> [The problem]: No pictures in the copy. Write out the listing below exactly.

> [Data provided]:
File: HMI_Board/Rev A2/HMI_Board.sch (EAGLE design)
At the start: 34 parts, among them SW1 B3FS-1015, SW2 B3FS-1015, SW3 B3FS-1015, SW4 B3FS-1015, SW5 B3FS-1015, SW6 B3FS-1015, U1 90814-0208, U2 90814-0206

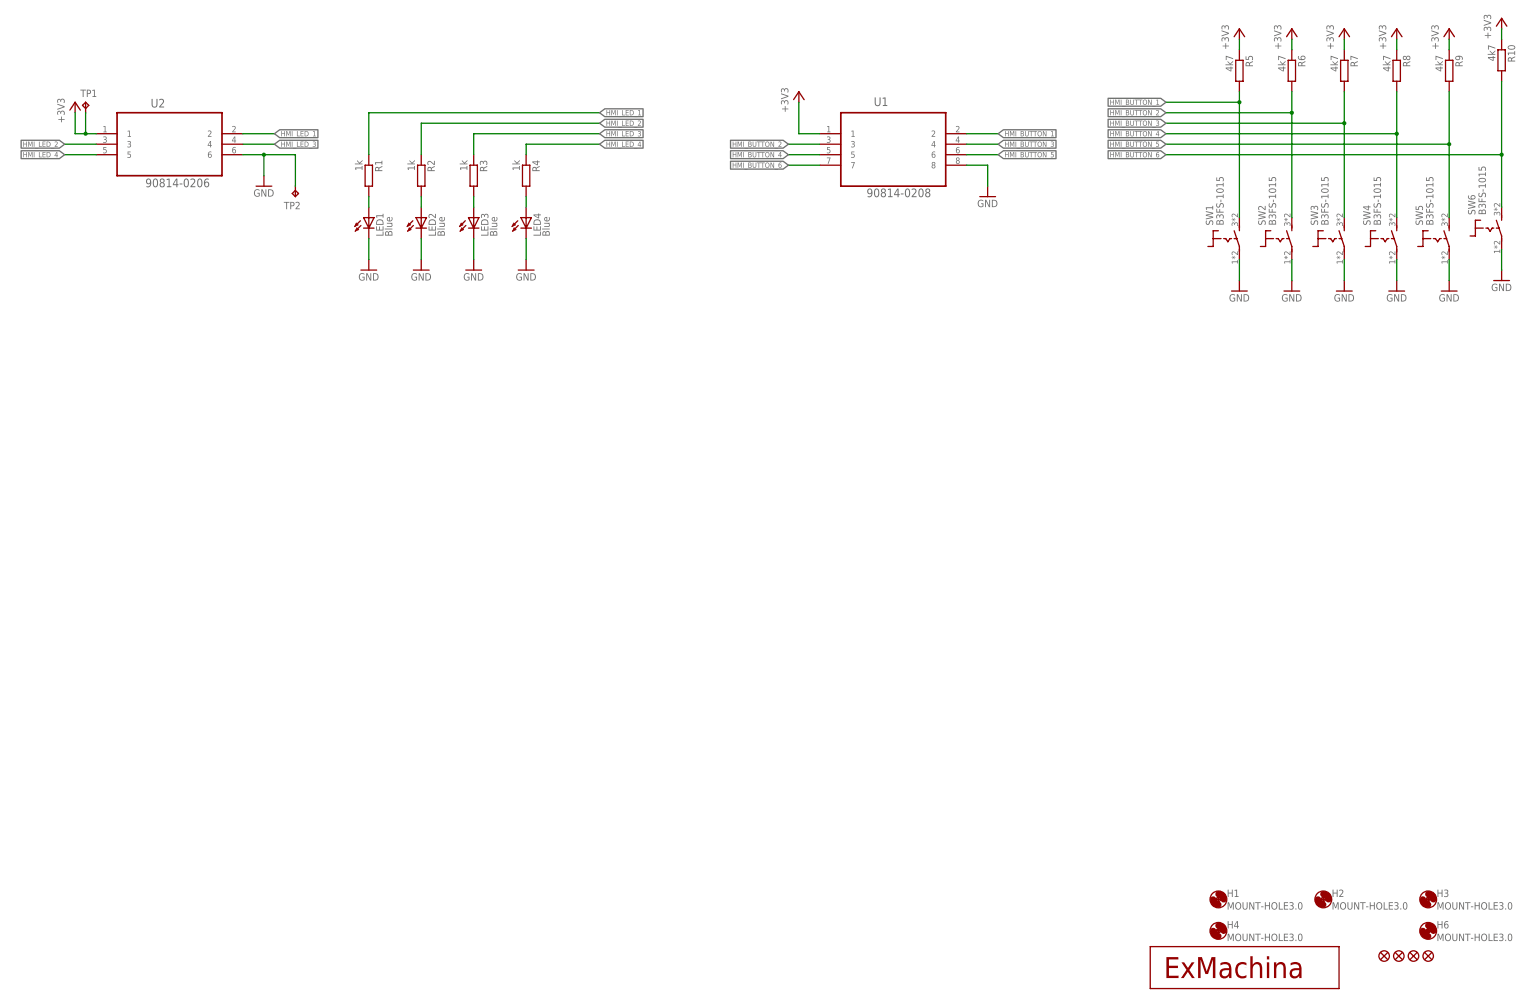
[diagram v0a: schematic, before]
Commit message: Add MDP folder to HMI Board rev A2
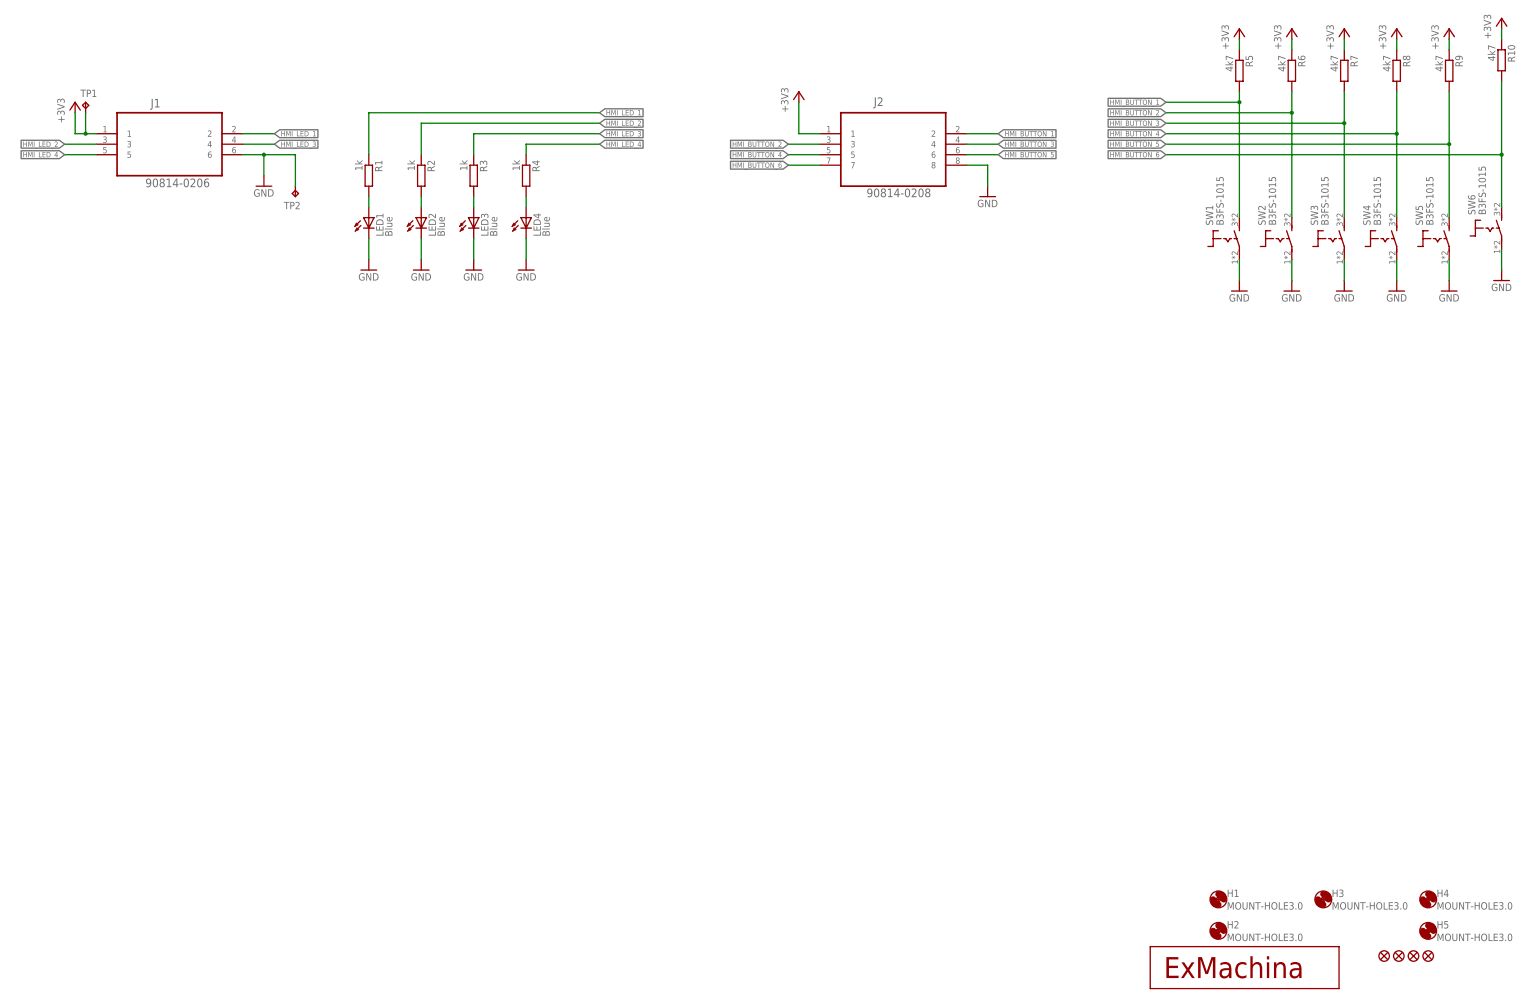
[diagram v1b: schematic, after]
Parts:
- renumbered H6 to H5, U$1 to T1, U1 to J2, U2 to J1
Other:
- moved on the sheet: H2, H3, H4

> [Answer box]:
File: HMI_Board/Rev A2/HMI_Board.sch (EAGLE design)
At the start: 34 parts, among them SW1 B3FS-1015, SW2 B3FS-1015, SW3 B3FS-1015, SW4 B3FS-1015, SW5 B3FS-1015, SW6 B3FS-1015, U1 90814-0208, U2 90814-0206

[diagram v0a: schematic, before]
Commit message: Add MDP folder to HMI Board rev A2
[diagram v1b: schematic, after]
Parts:
- renumbered H6 to H5, U$1 to T1, U1 to J2, U2 to J1
Other:
- moved on the sheet: H2, H3, H4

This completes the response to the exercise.